# Introducing...



## Ace (Mar 16, 2010)

Hola,

I thought since I am new and all of my fish keeping was based off of bettas I might as well introduce my 3 little ones. :fun:









Melon









Tiki
:lol:









Willow
:fish:


----------



## hXcChic22 (Dec 26, 2009)

Welcome!
My husband and I have two bettas that look like Tiki and Melon, too! Here's our male, and I don't have any of the female yet...








Anyway, happy posting!


----------



## ApplePie (Jan 21, 2010)

Is that an appaloosa betta??


----------



## Ace (Mar 16, 2010)

He does look like Tiki  He's a crowntail though, huh? Applepie, are u talking to me or hXcChic22. If your talking to me...I don't know.


----------



## ApplePie (Jan 21, 2010)

To you Ace


----------



## hXcChic22 (Dec 26, 2009)

Ace said:


> He does look like Tiki  He's a crowntail though, huh? Applepie, are u talking to me or hXcChic22. If your talking to me...I don't know.

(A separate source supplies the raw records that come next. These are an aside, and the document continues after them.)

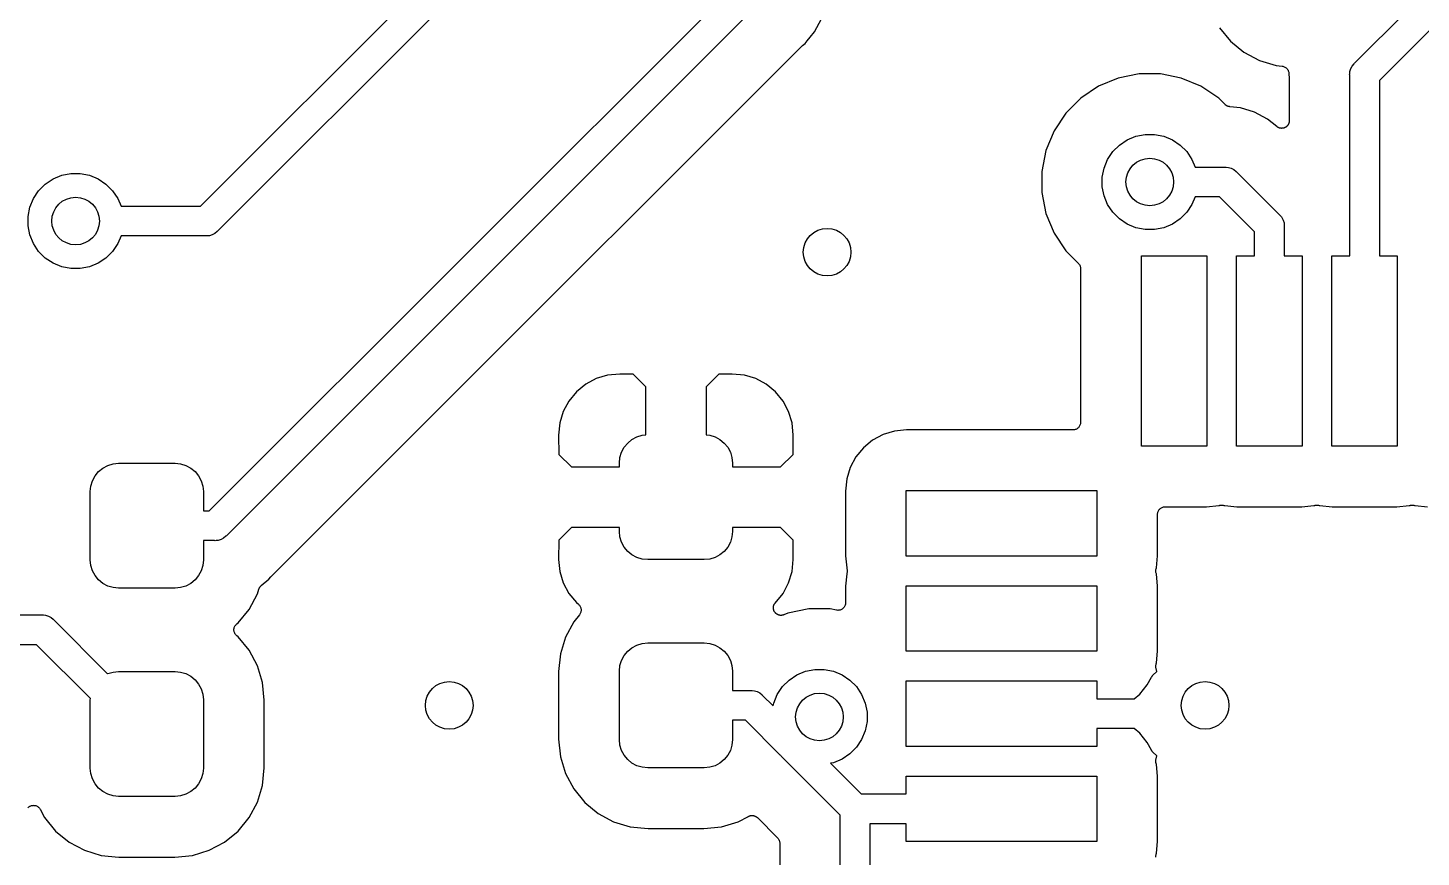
# Model space of a CAD drawing. Extents: x 1 to 139, y -76 to -1.
# Drawn here: x 38.37 to 50.08, y -67.32 to -60.34 of the extents above; entities that cross this region are included whole.
import ezdxf

# ---------------------------------------------------------------- set-up
doc = ezdxf.new("R2010")
doc.units = 0
doc.header["$MEASUREMENT"] = 0
doc.layers.add('BLACK', color=7, linetype='CONTINUOUS')

msp = doc.modelspace()

# ---------------------------------------------------------------- linework, layer by layer
at = {"layer": 'BLACK', "linetype": 'CONTINUOUS'}
for p, q in [((39.8198, -61.8434), (41.6437, -60.0195)), ((39.8932, -64.405), (44.325, -59.9732)), ((44.5341, -60.1177), (40.0377, -64.614)), ((41.8527, -60.164), (39.9643, -62.0524)), ((44.9789, -60.3784), (45.0376, -60.2684)), ((49.516, -60.6423), (49.9574, -60.2008)), ((44.9416, -60.4237), (44.9789, -60.3784)), ((48.3806, -60.343), (48.4736, -60.4564)), ((50.1665, -60.3453), (49.725, -60.7868)), ((41.6501, -63.7201), (44.8734, -60.4968)), ((44.8734, -60.4968), (44.874, -60.4962)), ((44.874, -60.4962), (44.8761, -60.4945)), ((44.8761, -60.4945), (44.878, -60.4926)), ((44.878, -60.4926), (44.8998, -60.4748)), ((44.8998, -60.4748), (44.9176, -60.453)), ((44.9176, -60.453), (44.9416, -60.4237)), ((44.9176, -60.453), (44.9176, -60.453)), ((48.4736, -60.4564), (48.587, -60.5494)), ((48.587, -60.5494), (48.7163, -60.6185)), ((48.7163, -60.6185), (48.8566, -60.6611)), ((47.7063, -60.732), (47.5308, -60.7669)), ((47.8851, -60.732), (47.7063, -60.732)), ((48.0606, -60.7669), (47.8851, -60.732)), ((48.8566, -60.6611), (48.9069, -60.666)), ((48.9069, -60.666), (48.9073, -60.6661)), ((48.9073, -60.6661), (48.9074, -60.6661)), ((48.9074, -60.6661), (48.9074, -60.6661)), ((48.9074, -60.6661), (48.9078, -60.6661)), ((48.9078, -60.6661), (48.9136, -60.6674)), ((48.9136, -60.6674), (48.9195, -60.6686)), ((48.9195, -60.6686), (48.9197, -60.6687)), ((48.9197, -60.6687), (48.9199, -60.6687)), ((48.9199, -60.6687), (48.9254, -60.6711)), ((48.9254, -60.6711), (48.9309, -60.6734)), ((48.9309, -60.6734), (48.9311, -60.6735)), ((48.9311, -60.6735), (48.9313, -60.6736)), ((48.9313, -60.6736), (48.9362, -60.677)), ((48.9362, -60.677), (48.9412, -60.6803)), ((48.9412, -60.6803), (48.9414, -60.6805)), ((48.9414, -60.6805), (48.9415, -60.6806)), ((48.9415, -60.6806), (48.9457, -60.6849)), ((48.9457, -60.6849), (48.9499, -60.6891)), ((48.9499, -60.6891), (48.95, -60.6893)), ((48.95, -60.6893), (48.9502, -60.6895)), ((48.9502, -60.6895), (48.9535, -60.6945)), ((48.9535, -60.6945), (48.9568, -60.6994)), ((48.9568, -60.6994), (48.9569, -60.6997)), ((48.9569, -60.6997), (48.957, -60.6998)), ((48.957, -60.6998), (48.9592, -60.7053)), ((48.9592, -60.7053), (48.9615, -60.7109)), ((48.9615, -60.7109), (48.9615, -60.7111)), ((48.9615, -60.7111), (48.9616, -60.7113)), ((48.9616, -60.7113), (48.9627, -60.7171)), ((48.9627, -60.7171), (48.9639, -60.7231)), ((48.9639, -60.7231), (48.9639, -60.7233)), ((48.9639, -60.7233), (48.9639, -60.7235)), ((48.9639, -60.7235), (48.9639, -60.7294)), ((48.9639, -60.7294), (48.9639, -60.7345)), ((48.9639, -60.7345), (48.9667, -60.763)), ((49.4744, -60.735), (49.475, -60.7289)), ((49.475, -60.7411), (49.4744, -60.735)), ((49.475, -60.7289), (49.4768, -60.7105)), ((49.475, -60.7289), (49.475, -60.7289)), ((49.475, -62.26), (49.475, -60.7411)), ((49.4768, -60.7105), (49.484, -60.6869)), ((49.484, -60.6869), (49.4956, -60.6652)), ((49.4956, -60.6652), (49.5112, -60.6462)), ((49.5112, -60.6462), (49.516, -60.6423)), ((47.3656, -60.8353), (47.2169, -60.9347)), ((47.5308, -60.7669), (47.3656, -60.8353)), ((48.2258, -60.8353), (48.0606, -60.7669)), ((48.3745, -60.9347), (48.2258, -60.8353)), ((48.9667, -60.763), (48.9668, -60.7639)), ((48.9668, -60.7639), (48.9667, -60.7665)), ((48.9667, -60.7665), (48.967, -60.7692)), ((48.967, -60.7692), (48.967, -61.1257)), ((49.725, -60.7868), (49.725, -62.26)), ((47.2169, -60.9347), (47.0904, -61.0612)), ((48.4289, -60.9891), (48.3745, -60.9347)), ((47.0904, -61.0612), (46.991, -61.2099)), ((48.4311, -60.9909), (48.4289, -60.9891)), ((48.433, -60.9928), (48.4311, -60.9909)), ((48.4358, -60.9948), (48.433, -60.9928)), ((48.4385, -60.997), (48.4358, -60.9948)), ((48.4409, -60.9983), (48.4385, -60.997)), ((48.4432, -60.9999), (48.4409, -60.9983)), ((48.4464, -61.0012), (48.4432, -60.9999)), ((48.4494, -61.0028), (48.4464, -61.0012)), ((48.4521, -61.0037), (48.4494, -61.0028)), ((48.4546, -61.0047), (48.4521, -61.0037)), ((48.458, -61.0055), (48.4546, -61.0047)), ((48.4613, -61.0065), (48.458, -61.0055)), ((48.464, -61.0067), (48.4613, -61.0065)), ((48.4667, -61.0073), (48.464, -61.0067)), ((48.4676, -61.0074), (48.4667, -61.0073)), ((48.5564, -61.0162), (48.4676, -61.0074)), ((48.6757, -61.0524), (48.5564, -61.0162)), ((48.7857, -61.1111), (48.6757, -61.0524)), ((46.991, -61.2099), (46.9226, -61.3751)), ((48.8632, -61.1748), (48.7857, -61.1111)), ((48.8657, -61.1764), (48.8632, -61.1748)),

Yep, he was our second betta. We're pretty proud of him. 
He actually lost almost all his tail to a killifish not long after I took the picture of him. We moved him to our community overnight and BAM. 
But it's growing back nicely now.


----------



## Ace (Mar 16, 2010)

hXcChic22 said:


> Yep, he was our second betta. We're pretty proud of him.
> He actually lost almost all his tail to a killifish not long after I took the picture of him. We moved him to our community overnight and BAM.
> But it's growing back nicely now.


Oh, he is really pretty. Tiki got finrot once when I first got him but it's all cured up now.


----------